The ungrateful Indians served up a bird they called “thr’qui” or in their savage tongue ‘bird that eats its own shit and is about as smart as a warm breeze’. They stuffed it with their deadliest poisons. Of course, since they had been completely conquered, the only poisons they had at their disposal were pieces of stale bread and cut-up potatoes. They placed this dish, with gravy and cranberry sauce and biscuits and tiny onions, floating in a sea of cream sauce, before their new masters, in the hope that they would gorge themselves so heavily that they would die – or at least belch so much that they would look foolish.
Unfortunately for the heathens, the pilgrims did not die after eating this sumptuous meal. They merely fell into a deep sleep and did not wake up until some time in November. The day they awoke, they proclaimed it to be a day to give thanks and to invite your in-laws over even though you really dislike them.
CANADIAN thanksgiving, although it has the same name, is actually based in a very different story.
Back in the days before they invented vacations in Florida, Canadians spent their October days hunting for the Big Beaver. This beaver was the largest, hairiest and most sought-after creature in all the forest. Many brave hunters had tried to tame the Big Beaver, but they found that their spear-shafts were always too short, and they had to retreat in shame. One day, however, an intrepid young man devised a scheme to finally claim the beaver for his own. He drove a shiny new chariot down by the river (because as everyone knows, nothing attracts beaver like a shiny new vehicle). When the beaver came out of the woods to investigate, it fell into the river.

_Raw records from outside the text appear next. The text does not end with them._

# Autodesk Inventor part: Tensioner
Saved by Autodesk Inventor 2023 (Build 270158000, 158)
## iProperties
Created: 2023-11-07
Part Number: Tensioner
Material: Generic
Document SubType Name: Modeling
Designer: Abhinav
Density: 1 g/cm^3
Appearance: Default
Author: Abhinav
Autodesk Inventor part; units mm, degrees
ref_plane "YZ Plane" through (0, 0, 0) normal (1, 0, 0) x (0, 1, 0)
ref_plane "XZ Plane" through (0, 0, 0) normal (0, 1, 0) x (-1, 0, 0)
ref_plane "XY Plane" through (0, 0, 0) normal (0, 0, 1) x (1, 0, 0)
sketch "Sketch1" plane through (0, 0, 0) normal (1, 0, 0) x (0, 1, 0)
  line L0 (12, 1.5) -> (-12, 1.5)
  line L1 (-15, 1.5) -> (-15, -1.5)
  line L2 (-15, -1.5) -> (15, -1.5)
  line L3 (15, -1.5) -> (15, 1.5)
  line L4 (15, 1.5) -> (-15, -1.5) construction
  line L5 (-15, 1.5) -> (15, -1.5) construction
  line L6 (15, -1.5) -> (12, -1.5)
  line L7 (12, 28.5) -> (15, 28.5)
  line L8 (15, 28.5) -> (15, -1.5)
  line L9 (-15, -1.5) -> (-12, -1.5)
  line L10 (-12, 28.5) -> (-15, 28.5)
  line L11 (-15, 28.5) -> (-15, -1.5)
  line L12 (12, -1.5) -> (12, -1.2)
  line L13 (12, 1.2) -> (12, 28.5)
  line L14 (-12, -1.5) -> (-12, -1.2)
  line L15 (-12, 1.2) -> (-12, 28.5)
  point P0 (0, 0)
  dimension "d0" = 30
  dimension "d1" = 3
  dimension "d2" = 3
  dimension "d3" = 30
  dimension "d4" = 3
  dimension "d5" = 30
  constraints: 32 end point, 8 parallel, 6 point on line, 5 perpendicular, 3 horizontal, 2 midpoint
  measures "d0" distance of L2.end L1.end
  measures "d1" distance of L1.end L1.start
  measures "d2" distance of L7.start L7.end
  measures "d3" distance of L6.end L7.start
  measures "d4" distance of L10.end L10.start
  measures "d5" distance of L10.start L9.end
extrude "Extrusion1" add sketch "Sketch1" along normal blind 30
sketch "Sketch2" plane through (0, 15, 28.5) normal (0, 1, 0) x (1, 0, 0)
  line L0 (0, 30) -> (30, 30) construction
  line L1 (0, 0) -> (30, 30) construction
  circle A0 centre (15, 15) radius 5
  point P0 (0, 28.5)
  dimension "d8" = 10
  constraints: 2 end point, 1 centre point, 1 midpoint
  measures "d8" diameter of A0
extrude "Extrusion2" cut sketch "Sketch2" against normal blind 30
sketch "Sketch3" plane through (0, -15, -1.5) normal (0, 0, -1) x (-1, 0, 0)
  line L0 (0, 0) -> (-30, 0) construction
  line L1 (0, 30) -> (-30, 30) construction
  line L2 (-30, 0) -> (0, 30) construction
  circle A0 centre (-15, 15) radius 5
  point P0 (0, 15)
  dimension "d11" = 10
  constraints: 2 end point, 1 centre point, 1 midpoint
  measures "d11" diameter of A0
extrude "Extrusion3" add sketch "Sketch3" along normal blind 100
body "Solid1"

The hunters immediately caught the wet, dripping beaver and captured it. The entire village ate beaver that night, including some of the women-folk, which made the men very excited for some reason. Even though they got some fur stuck in their teeth, everyone agreed that eating beaver was the way to go. They declared that day to be a holiday forevermore. Since there was a sudden shortage of beaver, the intrepid Canadians borrowed the American custom of turkey (to the great amusement of the Indians in Canada).
I hope that has cleared up any misconceptions about the difference between Canada’s thanksgiving and America’s.